87.—LOUTY AND BAKTYAN.

The intending visitor sets out on horseback accompanied by as many of his servants as he can collect, the djelodar, with the embroidered saddle-cloth across his shoulders, at his horse’s head; and behind him the kalyaudjy (musician) with his instrument. When he reaches the door he wishes to stop at, he dismounts. He then, with his servants in front of him, traverses one or two passages, invariably low and dark, and sometimes one or two courts, before reaching the apartments of the master of the house. If his visitor is of higher rank than himself, the host comes to the door to receive him. If they are equals, he sends his son or one of his young relations to do so. The opening courtesies are extremely flowery, such as “How came your lordship to conceive the compassionate idea of visiting this lowly roof?” &c.

When they reach the drawing-room, they find all the men of the family standing in a row against the wall bowing to the new-comer. As soon as every one is seated, the visitor inquires of the master of the house, “If, by the will of God, his nose is fat.” The latter replies: “Glory be to God! it is so, by means of your goodness.” This same question is sometimes repeated three or four times running. After a few moments of conversation, tea, coffee, and sherbet are handed round. The great charm of this rather frivolous gossip is its exaggeration, and the witty and amusing turn given to it.

The Persians have a peculiar taste for calligraphy. Painting is an almost unknown art amongst them. They possess, however, a certain amount of artistic instinct, as is shown by the richness and elegance of some of their monuments.

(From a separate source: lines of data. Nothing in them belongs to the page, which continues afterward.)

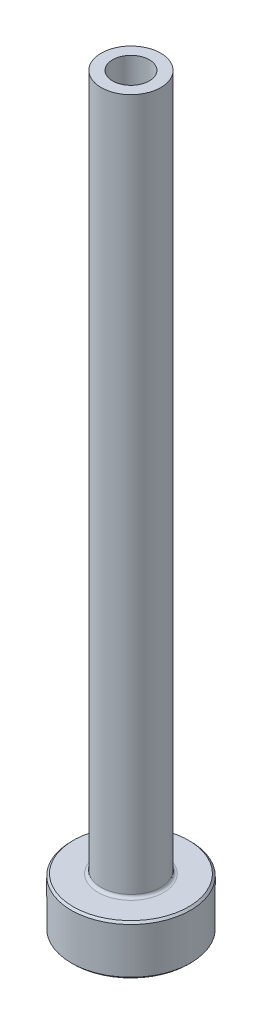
ISO-10303-21;
HEADER;
FILE_DESCRIPTION(('STEP AP214'),'2;1');
FILE_NAME('part.step','',(''),(''),'','','');
FILE_SCHEMA(('AUTOMOTIVE_DESIGN { 1 0 10303 214 1 1 1 1 }'));
ENDSEC;
DATA;
#1=APPLICATION_CONTEXT('core data for automotive mechanical design processes');
#2=APPLICATION_PROTOCOL_DEFINITION('international standard','automotive_design',2000,#1);
#3=PRODUCT_CONTEXT('',#1,'mechanical');
#4=PRODUCT('Part','Part','',(#3));
#5=PRODUCT_RELATED_PRODUCT_CATEGORY('part','',(#4));
#6=PRODUCT_DEFINITION_FORMATION('','',#4);
#7=PRODUCT_DEFINITION_CONTEXT('part definition',#1,'design');
#8=PRODUCT_DEFINITION('design','',#6,#7);
#9=PRODUCT_DEFINITION_SHAPE('','',#8);
#10=(LENGTH_UNIT() NAMED_UNIT(*) SI_UNIT(.MILLI.,.METRE.));
#11=(NAMED_UNIT(*) PLANE_ANGLE_UNIT() SI_UNIT($,.RADIAN.));
#12=(NAMED_UNIT(*) SI_UNIT($,.STERADIAN.) SOLID_ANGLE_UNIT());
#13=UNCERTAINTY_MEASURE_WITH_UNIT(LENGTH_MEASURE(1.E-05),#10,'distance_accuracy_value','');
#14=(GEOMETRIC_REPRESENTATION_CONTEXT(3) GLOBAL_UNCERTAINTY_ASSIGNED_CONTEXT((#13)) GLOBAL_UNIT_ASSIGNED_CONTEXT((#10,
#11,#12)) REPRESENTATION_CONTEXT('',''));
#15=CARTESIAN_POINT('',(0.,0.,0.));
#16=DIRECTION('',(0.,0.,1.));
#17=DIRECTION('',(1.,0.,0.));
#18=AXIS2_PLACEMENT_3D('',#15,#16,#17);
#19=CARTESIAN_POINT('',(0.,92.1876809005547,0.));
#20=DIRECTION('',(0.,1.,0.));
#21=DIRECTION('',(0.,0.,1.));
#22=AXIS2_PLACEMENT_3D('',#19,#20,#21);
#23=CYLINDRICAL_SURFACE('',#22,1.85000000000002);
#24=CARTESIAN_POINT('',(0.,75.,0.));
#25=DIRECTION('',(0.,1.,0.));
#26=DIRECTION('',(0.,0.,1.));
#27=AXIS2_PLACEMENT_3D('',#24,#25,#26);
#28=CIRCLE('',#27,1.85000000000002);
#29=CARTESIAN_POINT('',(0.,75.,1.85000000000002));
#30=VERTEX_POINT('',#29);
#31=EDGE_CURVE('E62',#30,#30,#28,.T.);
#32=ORIENTED_EDGE('',*,*,#31,.T.);
#33=EDGE_LOOP('',(#32));
#34=FACE_BOUND('',#33,.T.);
#35=CARTESIAN_POINT('',(0.,30.,0.));
#36=DIRECTION('',(0.,1.,0.));
#37=DIRECTION('',(0.,0.,1.));
#38=AXIS2_PLACEMENT_3D('',#35,#36,#37);
#39=CIRCLE('',#38,1.85000000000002);
#40=CARTESIAN_POINT('',(0.,30.,1.85000000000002));
#41=VERTEX_POINT('',#40);
#42=EDGE_CURVE('E71',#41,#41,#39,.T.);
#43=ORIENTED_EDGE('',*,*,#42,.F.);
#44=EDGE_LOOP('',(#43));
#45=FACE_BOUND('',#44,.T.);
#46=ADVANCED_FACE('F30',(#34,#45),#23,.F.);
#47=CARTESIAN_POINT('',(-1.85000000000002,75.,0.));
#48=DIRECTION('',(0.,1.,0.));
#49=DIRECTION('',(0.,0.,1.));
#50=AXIS2_PLACEMENT_3D('',#47,#48,#49);
#51=PLANE('',#50);
#52=CARTESIAN_POINT('',(0.,75.,0.));
#53=DIRECTION('',(0.,1.,0.));
#54=DIRECTION('',(0.,0.,1.));
#55=AXIS2_PLACEMENT_3D('',#52,#53,#54);
#56=CIRCLE('',#55,3.);
#57=CARTESIAN_POINT('',(0.,75.,3.));
#58=VERTEX_POINT('',#57);
#59=EDGE_CURVE('E65',#58,#58,#56,.T.);
#60=ORIENTED_EDGE('',*,*,#59,.T.);
#61=EDGE_LOOP('',(#60));
#62=FACE_BOUND('',#61,.T.);
#63=ORIENTED_EDGE('',*,*,#31,.F.);
#64=EDGE_LOOP('',(#63));
#65=FACE_BOUND('',#64,.T.);
#66=ADVANCED_FACE('F79',(#62,#65),#51,.T.);
#67=CARTESIAN_POINT('',(0.,92.1876809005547,0.));
#68=DIRECTION('',(0.,1.,0.));
#69=DIRECTION('',(0.,0.,1.));
#70=AXIS2_PLACEMENT_3D('',#67,#68,#69);
#71=CYLINDRICAL_SURFACE('',#70,2.99999999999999);
#72=CARTESIAN_POINT('',(0.,5.3,0.));
#73=DIRECTION('',(0.,1.,0.));
#74=DIRECTION('',(0.,0.,1.));
#75=AXIS2_PLACEMENT_3D('',#72,#73,#74);
#76=CIRCLE('',#75,2.99999999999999);
#77=CARTESIAN_POINT('',(0.,5.3,2.99999999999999));
#78=VERTEX_POINT('',#77);
#79=EDGE_CURVE('E59',#78,#78,#76,.T.);
#80=ORIENTED_EDGE('',*,*,#79,.T.);
#81=EDGE_LOOP('',(#80));
#82=FACE_BOUND('',#81,.T.);
#83=ORIENTED_EDGE('',*,*,#59,.F.);
#84=EDGE_LOOP('',(#83));
#85=FACE_BOUND('',#84,.T.);
#86=ADVANCED_FACE('F85',(#82,#85),#71,.T.);
#87=CARTESIAN_POINT('',(-2.99999999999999,5.,0.));
#88=DIRECTION('',(0.,1.,0.));
#89=DIRECTION('',(0.,0.,1.));
#90=AXIS2_PLACEMENT_3D('',#87,#88,#89);
#91=PLANE('',#90);
#92=CARTESIAN_POINT('',(0.,5.,0.));
#93=DIRECTION('',(0.,1.,0.));
#94=DIRECTION('',(0.,0.,1.));
#95=AXIS2_PLACEMENT_3D('',#92,#93,#94);
#96=CIRCLE('',#95,5.80000000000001);
#97=CARTESIAN_POINT('',(0.,5.,5.80000000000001));
#98=VERTEX_POINT('',#97);
#99=EDGE_CURVE('E53',#98,#98,#96,.T.);
#100=ORIENTED_EDGE('',*,*,#99,.T.);
#101=EDGE_LOOP('',(#100));
#102=FACE_BOUND('',#101,.T.);
#103=CARTESIAN_POINT('',(0.,5.,0.));
#104=DIRECTION('',(0.,1.,0.));
#105=DIRECTION('',(0.,0.,1.));
#106=AXIS2_PLACEMENT_3D('',#103,#104,#105);
#107=CIRCLE('',#106,3.29999999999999);
#108=CARTESIAN_POINT('',(0.,5.,3.29999999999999));
#109=VERTEX_POINT('',#108);
#110=EDGE_CURVE('E56',#109,#109,#107,.F.);
#111=ORIENTED_EDGE('',*,*,#110,.T.);
#112=EDGE_LOOP('',(#111));
#113=FACE_BOUND('',#112,.T.);
#114=ADVANCED_FACE('F111',(#102,#113),#91,.T.);
#115=CARTESIAN_POINT('',(0.,92.1876809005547,0.));
#116=DIRECTION('',(0.,1.,0.));
#117=DIRECTION('',(0.,0.,1.));
#118=AXIS2_PLACEMENT_3D('',#115,#116,#117);
#119=CYLINDRICAL_SURFACE('',#118,5.99999999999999);
#120=CARTESIAN_POINT('',(0.,4.8,0.));
#121=DIRECTION('',(0.,1.,0.));
#122=DIRECTION('',(0.,0.,1.));
#123=AXIS2_PLACEMENT_3D('',#120,#121,#122);
#124=CIRCLE('',#123,5.99999999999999);
#125=CARTESIAN_POINT('',(0.,4.8,5.99999999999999));
#126=VERTEX_POINT('',#125);
#127=EDGE_CURVE('E45',#126,#126,#124,.F.);
#128=ORIENTED_EDGE('',*,*,#127,.T.);
#129=EDGE_LOOP('',(#128));
#130=FACE_BOUND('',#129,.T.);
#131=CARTESIAN_POINT('',(0.,0.199999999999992,0.));
#132=DIRECTION('',(0.,-1.,0.));
#133=DIRECTION('',(0.,0.,-1.));
#134=AXIS2_PLACEMENT_3D('',#131,#132,#133);
#135=CIRCLE('',#134,5.99999999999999);
#136=CARTESIAN_POINT('',(0.,0.199999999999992,-5.99999999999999));
#137=VERTEX_POINT('',#136);
#138=EDGE_CURVE('E50',#137,#137,#135,.F.);
#139=ORIENTED_EDGE('',*,*,#138,.T.);
#140=EDGE_LOOP('',(#139));
#141=FACE_BOUND('',#140,.T.);
#142=ADVANCED_FACE('F108',(#130,#141),#119,.T.);
#143=CARTESIAN_POINT('',(-5.99999999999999,0.,0.));
#144=DIRECTION('',(0.,-1.,0.));
#145=DIRECTION('',(0.,0.,-1.));
#146=AXIS2_PLACEMENT_3D('',#143,#144,#145);
#147=PLANE('',#146);
#148=CARTESIAN_POINT('',(0.,0.,0.));
#149=DIRECTION('',(0.,-1.,0.));
#150=DIRECTION('',(0.,0.,-1.));
#151=AXIS2_PLACEMENT_3D('',#148,#149,#150);
#152=CIRCLE('',#151,2.59999999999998);
#153=CARTESIAN_POINT('',(0.,0.,-2.59999999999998));
#154=VERTEX_POINT('',#153);
#155=EDGE_CURVE('E37',#154,#154,#152,.F.);
#156=ORIENTED_EDGE('',*,*,#155,.T.);
#157=EDGE_LOOP('',(#156));
#158=FACE_BOUND('',#157,.T.);
#159=CARTESIAN_POINT('',(0.,0.,0.));
#160=DIRECTION('',(0.,-1.,0.));
#161=DIRECTION('',(0.,0.,-1.));
#162=AXIS2_PLACEMENT_3D('',#159,#160,#161);
#163=CIRCLE('',#162,5.79999999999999);
#164=CARTESIAN_POINT('',(0.,0.,-5.79999999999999));
#165=VERTEX_POINT('',#164);
#166=EDGE_CURVE('E41',#165,#165,#163,.T.);
#167=ORIENTED_EDGE('',*,*,#166,.T.);
#168=EDGE_LOOP('',(#167));
#169=FACE_BOUND('',#168,.T.);
#170=ADVANCED_FACE('F110',(#158,#169),#147,.T.);
#171=CARTESIAN_POINT('',(0.,92.1876809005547,0.));
#172=DIRECTION('',(0.,1.,0.));
#173=DIRECTION('',(0.,0.,1.));
#174=AXIS2_PLACEMENT_3D('',#171,#172,#173);
#175=CYLINDRICAL_SURFACE('',#174,2.09999999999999);
#176=CARTESIAN_POINT('',(0.,0.5,0.));
#177=DIRECTION('',(0.,-1.,0.));
#178=DIRECTION('',(0.,0.,-1.));
#179=AXIS2_PLACEMENT_3D('',#176,#177,#178);
#180=CIRCLE('',#179,2.09999999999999);
#181=CARTESIAN_POINT('',(0.,0.5,-2.09999999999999));
#182=VERTEX_POINT('',#181);
#183=EDGE_CURVE('E10',#182,#182,#180,.T.);
#184=ORIENTED_EDGE('',*,*,#183,.T.);
#185=EDGE_LOOP('',(#184));
#186=FACE_BOUND('',#185,.T.);
#187=CARTESIAN_POINT('',(0.,18.,0.));
#188=DIRECTION('',(0.,1.,0.));
#189=DIRECTION('',(0.,0.,1.));
#190=AXIS2_PLACEMENT_3D('',#187,#188,#189);
#191=CIRCLE('',#190,2.09999999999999);
#192=CARTESIAN_POINT('',(0.,18.,2.09999999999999));
#193=VERTEX_POINT('',#192);
#194=EDGE_CURVE('E68',#193,#193,#191,.T.);
#195=ORIENTED_EDGE('',*,*,#194,.T.);
#196=EDGE_LOOP('',(#195));
#197=FACE_BOUND('',#196,.T.);
#198=ADVANCED_FACE('F118',(#186,#197),#175,.F.);
#199=CARTESIAN_POINT('',(0.,18.,0.));
#200=DIRECTION('',(0.,-1.,0.));
#201=DIRECTION('',(0.,0.,-1.));
#202=AXIS2_PLACEMENT_3D('',#199,#200,#201);
#203=CONICAL_SURFACE('',#202,2.09999999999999,0.020830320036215);
#204=ORIENTED_EDGE('',*,*,#42,.T.);
#205=EDGE_LOOP('',(#204));
#206=FACE_BOUND('',#205,.T.);
#207=ORIENTED_EDGE('',*,*,#194,.F.);
#208=EDGE_LOOP('',(#207));
#209=FACE_BOUND('',#208,.T.);
#210=ADVANCED_FACE('F75',(#206,#209),#203,.F.);
#211=CARTESIAN_POINT('',(0.,5.3,0.));
#212=DIRECTION('',(0.,1.,0.));
#213=DIRECTION('',(0.,0.,1.));
#214=AXIS2_PLACEMENT_3D('',#211,#212,#213);
#215=TOROIDAL_SURFACE('',#214,3.29999999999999,0.3);
#216=ORIENTED_EDGE('',*,*,#110,.F.);
#217=EDGE_LOOP('',(#216));
#218=FACE_BOUND('',#217,.T.);
#219=ORIENTED_EDGE('',*,*,#79,.F.);
#220=EDGE_LOOP('',(#219));
#221=FACE_BOUND('',#220,.T.);
#222=ADVANCED_FACE('F90',(#218,#221),#215,.F.);
#223=CARTESIAN_POINT('',(0.,5.,0.));
#224=DIRECTION('',(0.,-1.,0.));
#225=DIRECTION('',(0.,0.,-1.));
#226=AXIS2_PLACEMENT_3D('',#223,#224,#225);
#227=CONICAL_SURFACE('',#226,5.8,0.785398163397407);
#228=ORIENTED_EDGE('',*,*,#127,.F.);
#229=EDGE_LOOP('',(#228));
#230=FACE_BOUND('',#229,.T.);
#231=ORIENTED_EDGE('',*,*,#99,.F.);
#232=EDGE_LOOP('',(#231));
#233=FACE_BOUND('',#232,.T.);
#234=ADVANCED_FACE('F93',(#230,#233),#227,.T.);
#235=CARTESIAN_POINT('',(0.,0.199999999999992,0.));
#236=DIRECTION('',(0.,1.,0.));
#237=DIRECTION('',(0.,0.,1.));
#238=AXIS2_PLACEMENT_3D('',#235,#236,#237);
#239=CONICAL_SURFACE('',#238,5.99999999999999,0.785398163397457);
#240=ORIENTED_EDGE('',*,*,#166,.F.);
#241=EDGE_LOOP('',(#240));
#242=FACE_BOUND('',#241,.T.);
#243=ORIENTED_EDGE('',*,*,#138,.F.);
#244=EDGE_LOOP('',(#243));
#245=FACE_BOUND('',#244,.T.);
#246=ADVANCED_FACE('F96',(#242,#245),#239,.T.);
#247=CARTESIAN_POINT('',(0.,0.,0.));
#248=DIRECTION('',(0.,-1.,0.));
#249=DIRECTION('',(0.,0.,-1.));
#250=AXIS2_PLACEMENT_3D('',#247,#248,#249);
#251=CONICAL_SURFACE('',#250,2.59999999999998,0.785398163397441);
#252=ORIENTED_EDGE('',*,*,#183,.F.);
#253=EDGE_LOOP('',(#252));
#254=FACE_BOUND('',#253,.T.);
#255=ORIENTED_EDGE('',*,*,#155,.F.);
#256=EDGE_LOOP('',(#255));
#257=FACE_BOUND('',#256,.T.);
#258=ADVANCED_FACE('F32',(#254,#257),#251,.F.);
#259=CLOSED_SHELL('',(#46,#66,#86,#114,#142,#170,#198,#210,#222,#234,#246,#258));
#260=MANIFOLD_SOLID_BREP('B2',#259);
#261=ADVANCED_BREP_SHAPE_REPRESENTATION('',(#18,#260),#14);
#262=SHAPE_DEFINITION_REPRESENTATION(#9,#261);
ENDSEC;
END-ISO-10303-21;

[Fig. 87] shows the reader other types of Persian costume worn by different classes. The Louty and the Baktyan represented in this sketch are members of a nomadic tribe, enjoying rather a bad reputation.


The Afghans inhabit the mountainous region lying to the north of the lowlands of the Punjaub, that is to say, the basin of the Indus. Their climate is a charming one. The Afghans are fine muscular men with a long face, high cheek-bones and a prominent nose. Their hair is generally black. Their skin, according to the part of the country they inhabit, is dark, tawny, or white. They are an unpolished, warlike race, differing in customs and in language both from the Persians and the natives of India. They are subdivided into many tribes or clans.


The Beloochees, addicted to pastoral life, and primitive in their habits, move about from place to place, dwelling in tents which are constructed of felt on a slight framework of willow. They wander, with their flocks, about the table lands surrounding Kelat. They are to be found in nearly the whole of that part of eastern Persia, which, lying between Afghanistan to the north and the Indian Ocean to the south, stretches westwards from the Indus to the great Salt Desert. They speak a dialect derived from the Persian.